Required action —
Find the line containing "PA7.GPIO_Label=ADC_EN" in the entries below. Restate it and each line after it, word for word, up to and including the line containing "2025-05-27 set GPIO Ouput as Open-Drain".
.....
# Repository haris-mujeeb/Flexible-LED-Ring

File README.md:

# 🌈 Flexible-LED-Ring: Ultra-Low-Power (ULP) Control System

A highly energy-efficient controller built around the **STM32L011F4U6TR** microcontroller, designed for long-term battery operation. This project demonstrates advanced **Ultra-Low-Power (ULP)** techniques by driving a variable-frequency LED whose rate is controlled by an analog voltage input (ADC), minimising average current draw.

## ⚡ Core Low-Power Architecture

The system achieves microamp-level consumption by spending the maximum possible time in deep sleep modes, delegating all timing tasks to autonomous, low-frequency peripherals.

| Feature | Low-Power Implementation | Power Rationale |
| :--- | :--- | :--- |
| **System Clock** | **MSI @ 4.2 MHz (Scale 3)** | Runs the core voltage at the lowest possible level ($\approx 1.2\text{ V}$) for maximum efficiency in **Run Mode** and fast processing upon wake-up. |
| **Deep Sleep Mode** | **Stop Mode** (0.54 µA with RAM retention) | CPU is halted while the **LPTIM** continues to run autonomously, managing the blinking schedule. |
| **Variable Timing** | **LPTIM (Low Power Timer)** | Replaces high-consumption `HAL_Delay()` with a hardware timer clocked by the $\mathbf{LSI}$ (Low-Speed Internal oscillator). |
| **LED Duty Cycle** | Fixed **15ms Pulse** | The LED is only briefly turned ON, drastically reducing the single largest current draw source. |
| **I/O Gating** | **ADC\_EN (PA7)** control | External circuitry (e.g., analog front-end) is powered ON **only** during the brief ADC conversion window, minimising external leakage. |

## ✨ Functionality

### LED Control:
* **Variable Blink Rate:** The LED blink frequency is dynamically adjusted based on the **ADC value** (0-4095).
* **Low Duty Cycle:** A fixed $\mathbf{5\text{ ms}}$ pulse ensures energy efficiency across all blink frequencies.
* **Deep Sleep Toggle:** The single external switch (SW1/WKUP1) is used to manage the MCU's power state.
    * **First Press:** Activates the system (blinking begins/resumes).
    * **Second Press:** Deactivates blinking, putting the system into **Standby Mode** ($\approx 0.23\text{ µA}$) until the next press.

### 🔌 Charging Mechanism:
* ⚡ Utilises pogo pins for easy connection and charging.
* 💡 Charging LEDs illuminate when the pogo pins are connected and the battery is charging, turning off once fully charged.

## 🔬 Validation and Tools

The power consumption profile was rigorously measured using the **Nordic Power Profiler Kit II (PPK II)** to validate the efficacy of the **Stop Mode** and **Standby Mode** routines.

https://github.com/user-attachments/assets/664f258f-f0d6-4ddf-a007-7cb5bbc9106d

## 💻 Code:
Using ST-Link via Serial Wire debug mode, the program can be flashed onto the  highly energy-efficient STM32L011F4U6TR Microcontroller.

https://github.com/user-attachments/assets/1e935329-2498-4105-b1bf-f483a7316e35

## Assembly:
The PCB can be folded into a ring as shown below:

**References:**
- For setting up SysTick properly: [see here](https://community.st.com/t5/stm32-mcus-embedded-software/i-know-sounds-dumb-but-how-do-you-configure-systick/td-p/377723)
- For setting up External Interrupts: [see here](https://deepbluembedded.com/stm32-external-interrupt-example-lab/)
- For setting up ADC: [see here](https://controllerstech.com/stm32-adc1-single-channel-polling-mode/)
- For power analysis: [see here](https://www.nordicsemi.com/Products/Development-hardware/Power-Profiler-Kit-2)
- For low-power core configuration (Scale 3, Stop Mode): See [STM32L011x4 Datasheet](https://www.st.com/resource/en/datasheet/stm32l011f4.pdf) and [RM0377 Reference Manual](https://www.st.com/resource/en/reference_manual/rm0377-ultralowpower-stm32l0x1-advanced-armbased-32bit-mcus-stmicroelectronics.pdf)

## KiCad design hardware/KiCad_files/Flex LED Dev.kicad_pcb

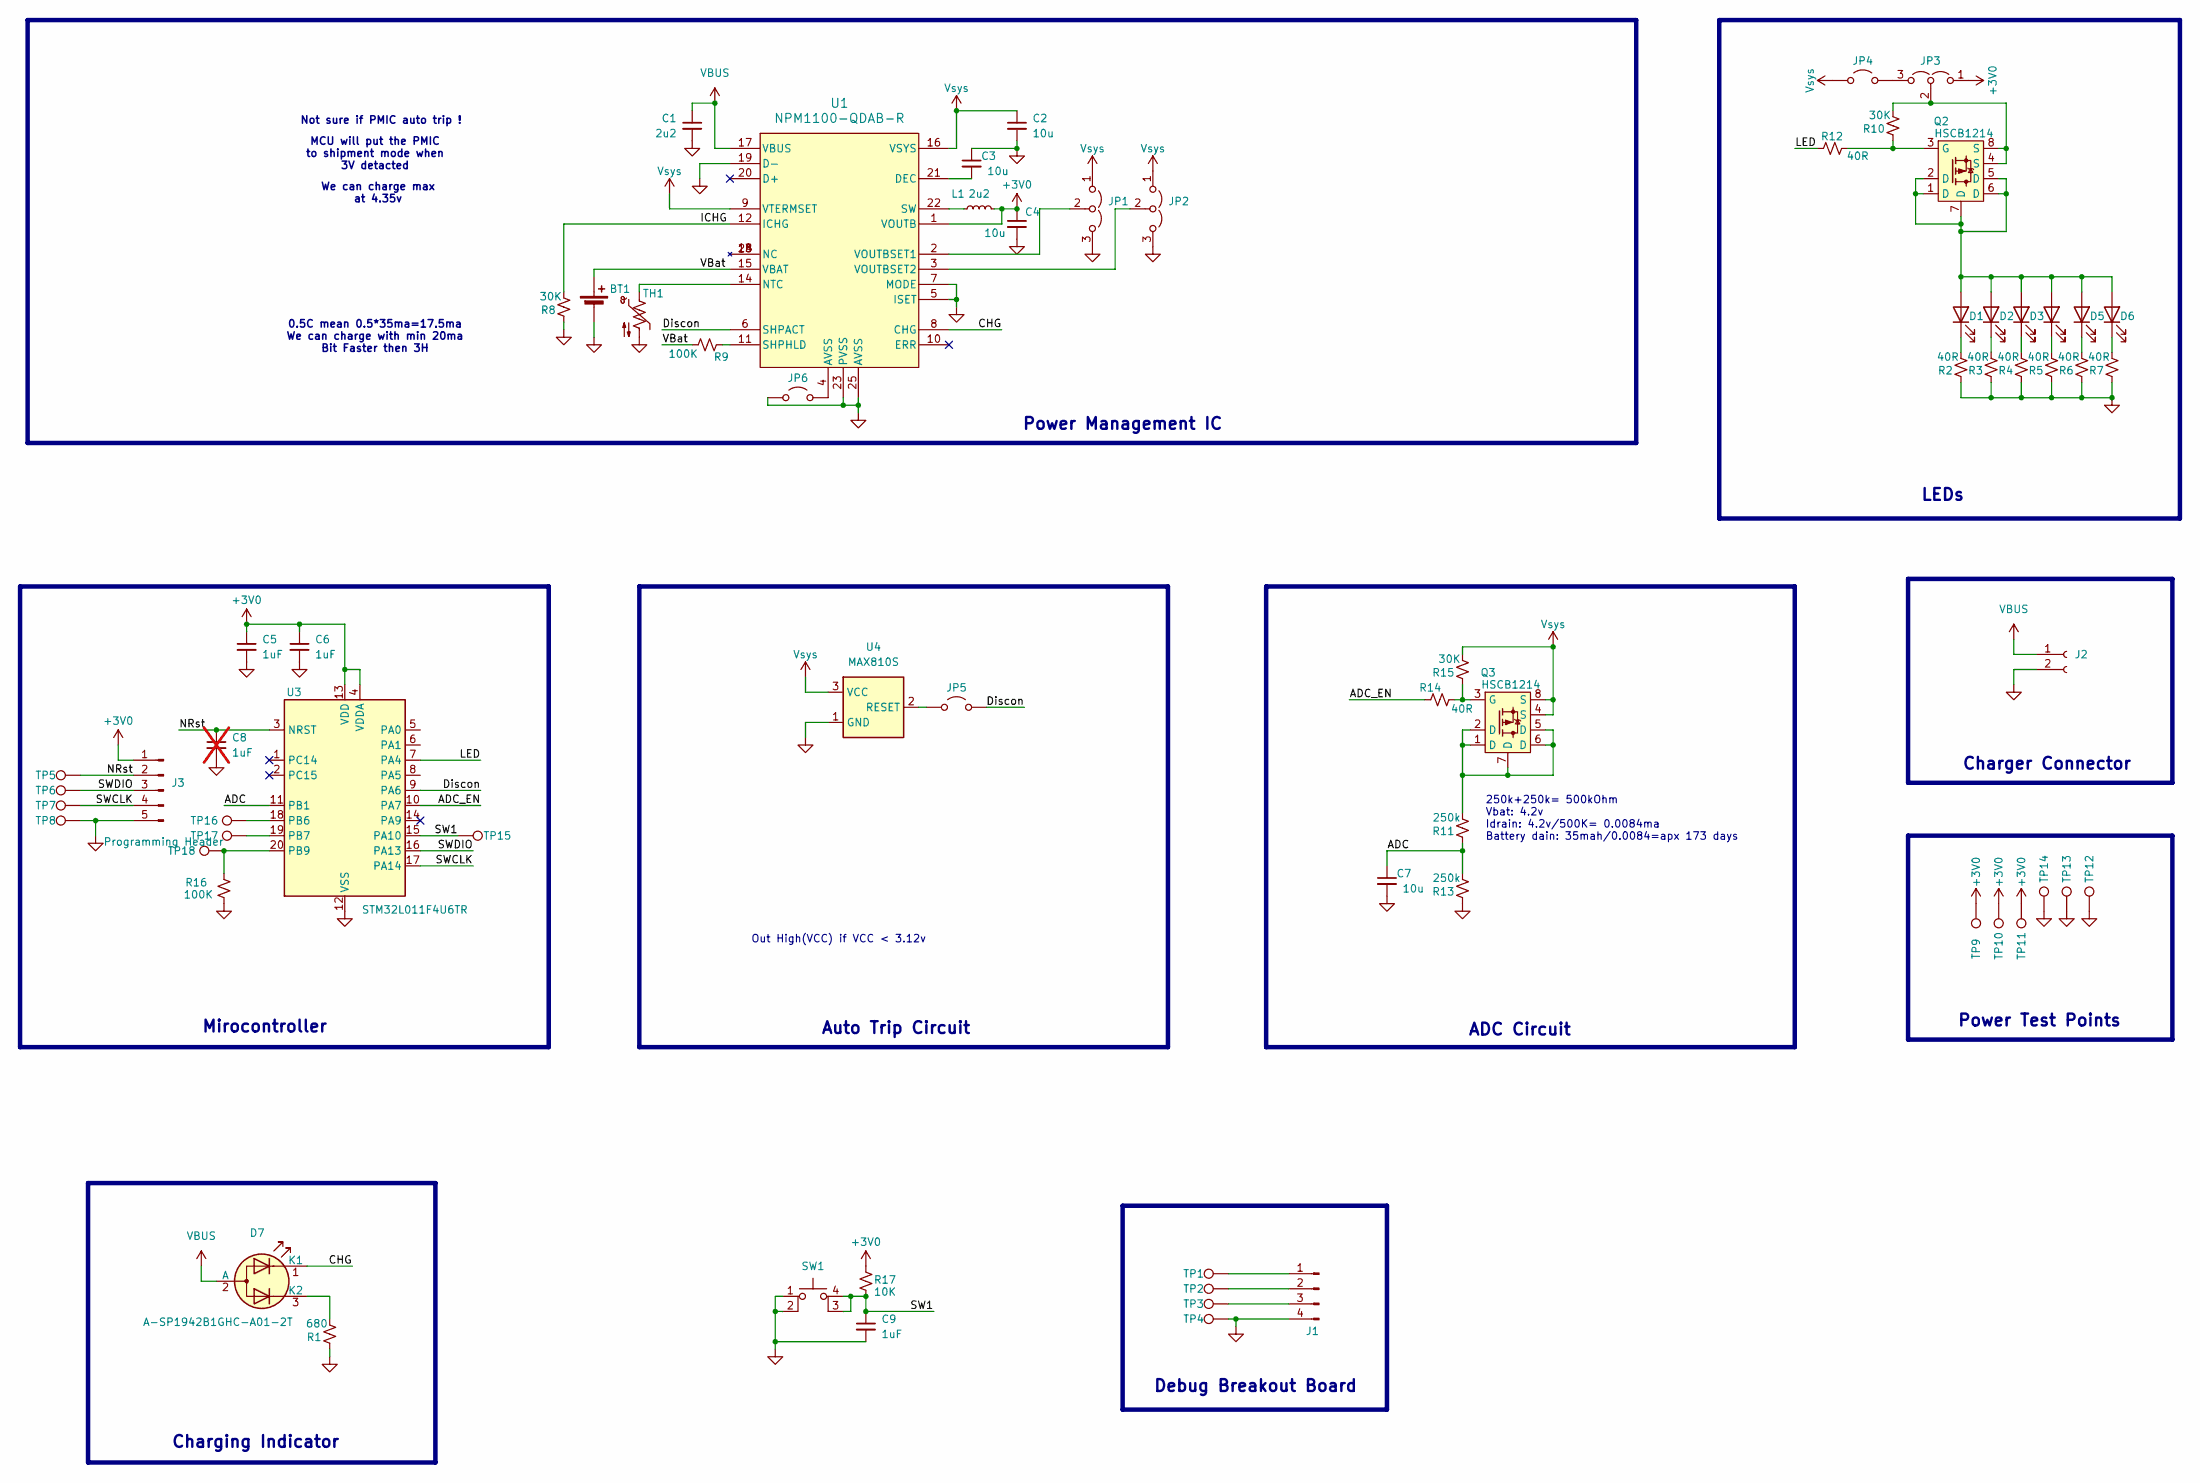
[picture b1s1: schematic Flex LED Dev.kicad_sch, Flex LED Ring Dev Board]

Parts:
BT1: ICB1040F6; C_0603_1608Metric
C1: 2u2; C_0402_1005Metric
C2, C3, C4, C7: 10u; C_0402_1005Metric
C5, C6: 1uF; C_0402_1005Metric
C8: 1uF; C_0402_1005Metric; not fitted
C9: 1uF; C_0402_1005Metric; Mfr. # CL05A105KA5NQNC; LCSC Part # C52923
D1, D2, D3, D4, D5, D6: LED_0805_2012Metric; Mfr. # APTD2012LSYCK; LCSC Part # C5588998
D7: A-SP1942B1GHC-A01-2T
J1: YZ165615055F-04025-01
J2: Charger Connector; TerminalBlock_Xinya_XY308-2.54-2P_1x02_P2.54mm_Horizontal
J3: Programming Header; PinHeader_1x05_P2.54mm_Vertical
JP1, JP2, JP3: 0402 Jumper; 3_Jump_0402
JP4, JP5, JP6: Jumper_2; Jumper_0402
L1: 2u2; L_0603_1608Metric; Mfr. Part # CIGT252008LM2R2MNE
Q2, Q3: HSCB1214
R1: 680; R_0402_1005Metric; Mfr. # RC0402FR-07820RL; LCSC Part # C137933
R2, R3, R4, R5, R6, R7, R12, R14: 40R; R_0402_1005Metric
R8, R10, R15: 30K; R_0402_1005Metric
R9, R16: 100K; R_0402_1005Metric
R11, R13: 250k; R_0402_1005Metric
R17: 10K; R_0402_1005Metric; Mfr. # RC0402FR-0710KL; LCSC Part # C60490
SW1: TS-1187A-B-A-B
TH1: NTCG103JF103FT1; C_0402_1005Metric
TP1, TP2, TP3, TP4: PH; PinHeader_1x01_P2.00mm_Vertical
TP5: PH; TestPoint_Pad_1.0x1.0mm
TP6, TP7, TP8, TP9, TP10, TP11, TP12, TP13, TP14, TP15, TP16, TP17, TP18: PH; TestPoint_Pad_D1.0mm
U1: NPM1100-QDAB-R; QFN-24-1EP_4x4mm_P0.5mm_EP2.7x2.7mm; Mfr. Part # NPM1100-QDAA-R; LCSC Part # C5816773
U3: STM32L011F4U6TR; ST_UFQFPN-20_3x3mm_P0.5mm
U4: MAX810S; SOT-23-3

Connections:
+3V0: C4.1, C5.1, C6.1, J3.1, JP3.1 (A), L1.2, R17.1, TP9.1, TP10.1, TP11.1, U1.1 (VOUTB), U3.4 (VDDA), U3.13 (VDD)
/ADC: C7.1, R11.1, R13.2, U3.11 (PB1)
/ADC_EN: R14.2, U3.10 (PA7)
/CHG: D7.1 (K1), U1.8 (CHG)
/Discon: JP5.2 (B), U1.6 (SHPACT), U3.9 (PA6)
/ICHG: R8.2, U1.12 (ICHG)
/LED: R12.2, U3.7 (PA4)
/NRst: C8.1, J3.2, TP5.1, U3.3 (NRST)
/SW1: C9.1, R17.2, SW1.3 (K), SW1.4 (A), TP15.1, U3.15 (PA10)
/SWCLK: J3.4, TP7.1, U3.17 (PA14)
/SWDIO: J3.3, TP6.1, U3.16 (PA13)
/VBat: BT1.1 (+), R9.2, U1.15 (VBAT)
GND: BT1.2 (-), C1.2, C2.2, C3.1, C4.2, C5.2, C6.2, C7.2, C8.2, C9.2, J2.2, J3.5, JP1.3 (B), JP2.3 (B), JP6.1 (A), R1.1, R2.1, R3.1, R4.1, R5.1, R6.1, R7.1, R8.1, R13.1, R16.2, SW1.1, SW1.2, TH1.2, TP8.1, TP12.1, TP13.1, TP14.1, U1.5 (ISET), U1.7 (MODE), U1.19 (D-), U1.23 (PVSS), U1.25 (AVSS), U3.12 (VSS), U4.1 (GND)
GNDA: J1.4, TP4.1
unnamed: D1.2 (A), D2.2 (A), D3.2 (A), D4.2 (A), D5.2 (A), D6.2 (A), Q2.1 (D), Q2.2 (D), Q2.5 (D), Q2.6 (D), Q2.7 (D)
unnamed: D1.1 (K), R2.2
unnamed: D2.1 (K), R3.2
unnamed: D3.1 (K), R4.2
unnamed: D4.1 (K), R5.2
unnamed: D5.1 (K), R6.2
unnamed: D6.1 (K), R7.2
unnamed: D7.3 (K2), R1.2
unnamed: J1.1, TP1.1
unnamed: J1.2, TP2.1
unnamed: J1.3, TP3.1
unnamed: JP1.2 (C), U1.2 (VOUTBSET1)
unnamed: JP2.2 (C), U1.3 (VOUTBSET2)
unnamed: JP3.3 (B), JP4.2 (B)
unnamed: JP3.2 (C), Q2.4 (S), Q2.8 (S), R10.2
unnamed: JP5.1 (A), U4.2 (RESET)
unnamed: JP6.2 (B), U1.4 (AVSS)
unnamed: Q2.3 (G), R10.1, R12.1
unnamed: Q3.1 (D), Q3.2 (D), Q3.5 (D), Q3.6 (D), Q3.7 (D), R11.2
unnamed: Q3.3 (G), R14.1, R15.1
unnamed: C3.2, U1.21 (DEC)
unnamed: TH1.1, U1.14 (NTC)
unnamed: R9.1, U1.11 (SHPHLD)
unnamed: L1.1, U1.22 (SW)
unnamed: TP16.1, U3.18 (PB6)
unnamed: TP17.1, U3.19 (PB7)
unnamed: R16.1, TP18.1, U3.20 (PB9)
VBUS: C1.1, D7.2 (A), J2.1, U1.17 (VBUS)
Vsys: C2.1, JP1.1 (A), JP2.1 (A), JP4.1 (A), Q3.4 (S), Q3.8 (S), R15.2, U1.9 (VTERMSET), U1.16 (VSYS), U4.3 (VCC)

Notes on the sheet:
Not sure if PMIC auto trip !
Debug Breakout Board
Power Test Points
LEDs
Charging Indicator
Out High(VCC) if VCC < 3.12v
Power Management IC
0.5C mean 0.5*35ma=17.5ma We can charge with min 20ma Bit Faster then 3H
Auto Trip Circuit
ADC Circuit
250k+250k= 500kOhm Vbat: 4.2v Idrain: 4.2v/500K= 0.0084ma Battery dain: 35mah/0.0084=apx 173 days
Charger Connector
We can charge max at 4.35v
MCU will put the PMIC to shipment mode when 3V detacted
Mirocontroller

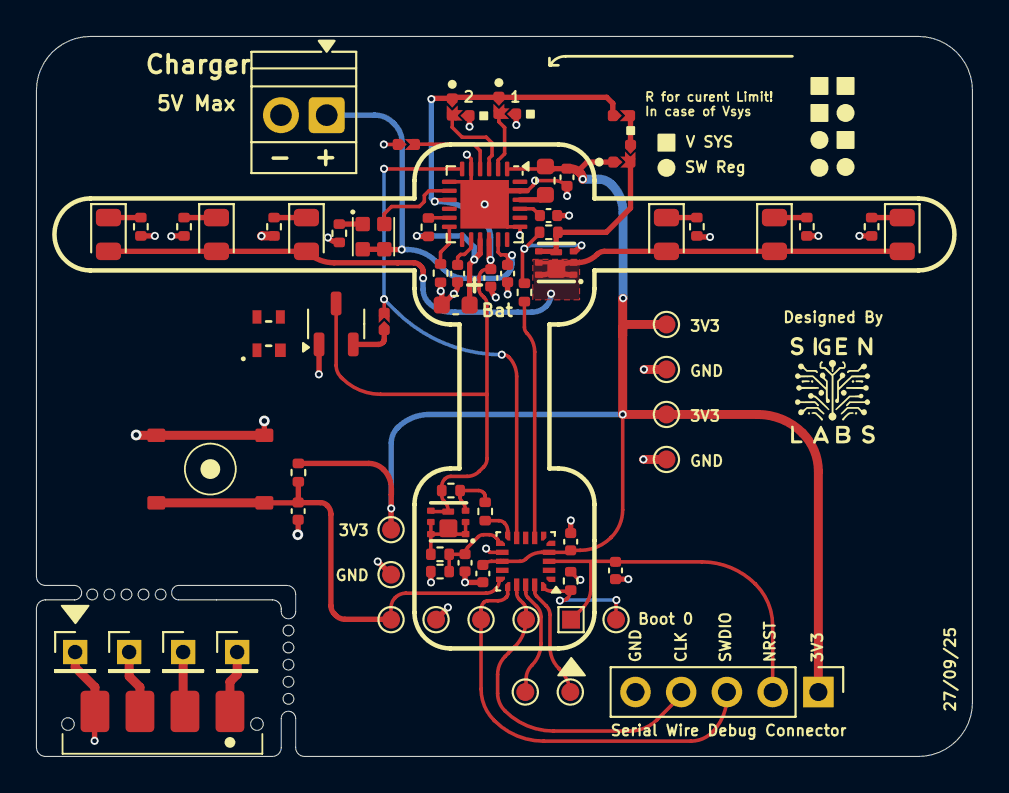
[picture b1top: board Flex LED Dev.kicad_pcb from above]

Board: 4 copper layers, 52.0 x 40.0 mm, 71 parts (0 on the bottom side), 43 nets.

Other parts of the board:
mouse-bite-1mm-slot, mouse-bite-1mm-slot#2: VAL**; mouse-bite-slot

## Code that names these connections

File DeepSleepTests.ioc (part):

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Mcu.Name=STM32L011F(3-4)Ux
Mcu.Package=UFQFPN20
Mcu.UserName=STM32L011F4Ux
PA0-CK_IN.GPIOParameters=GPIO_Label
PA0-CK_IN.GPIO_Label=ADC
PA0-CK_IN.Mode=IN0
PA0-CK_IN.Signal=ADC_IN0
PA13.Mode=Serial_Wire
PA13.Signal=SYS_SWDIO
PA14.Mode=Serial_Wire
PA14.Signal=SYS_SWCLK
PA4.GPIOParameters=GPIO_PuPd,GPIO_Label,GPIO_ModeDefaultOutputPP
PA4.GPIO_Label=LED
PA4.GPIO_ModeDefaultOutputPP=GPIO_MODE_OUTPUT_OD
PA4.GPIO_PuPd=GPIO_NOPULL
PA4.Signal=GPIO_Output
PA6.GPIOParameters=GPIO_Label
PA6.GPIO_Label=Discon
PA6.Signal=GPIO_Output
PA7.GPIOParameters=GPIO_PuPd,GPIO_Label,GPIO_ModeDefaultOutputPP
PA7.GPIO_Label=ADC_EN
PA7.GPIO_ModeDefaultOutputPP=GPIO_MODE_OUTPUT_OD
PA7.GPIO_PuPd=GPIO_NOPULL
PA7.Signal=GPIO_Output
PB1.GPIOParameters=GPIO_Label
PB1.GPIO_Label=WKUP1
PB1.Signal=GPXTI1
RCC.HSE_VALUE=8000000
RCC.SYSCLKFreq_VALUE=2097000
board=custom

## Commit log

2025-05-17 v0_1
2025-05-18 version 1.0
2025-05-27 set GPIO Ouput as Open-Drain
    The pin is configured as an open-drain output using GPIO_MODE_OUTPUT_OD. In this mode, the pin can pull the line low when set to RESET, but when set to SET, it does not drive the line high; instead, 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
2025-10-16 v2.0
.....
Response —
PA7.GPIO_Label=ADC_EN
PA7.GPIO_ModeDefaultOutputPP=GPIO_MODE_OUTPUT_OD
PA7.GPIO_PuPd=GPIO_NOPULL
PA7.Signal=GPIO_Output
PB1.GPIOParameters=GPIO_Label
PB1.GPIO_Label=WKUP1
PB1.Signal=GPXTI1
RCC.HSE_VALUE=8000000
RCC.SYSCLKFreq_VALUE=2097000
board=custom

## Commit log

2025-05-17 v0_1
2025-05-18 version 1.0
2025-05-27 set GPIO Ouput as Open-Drain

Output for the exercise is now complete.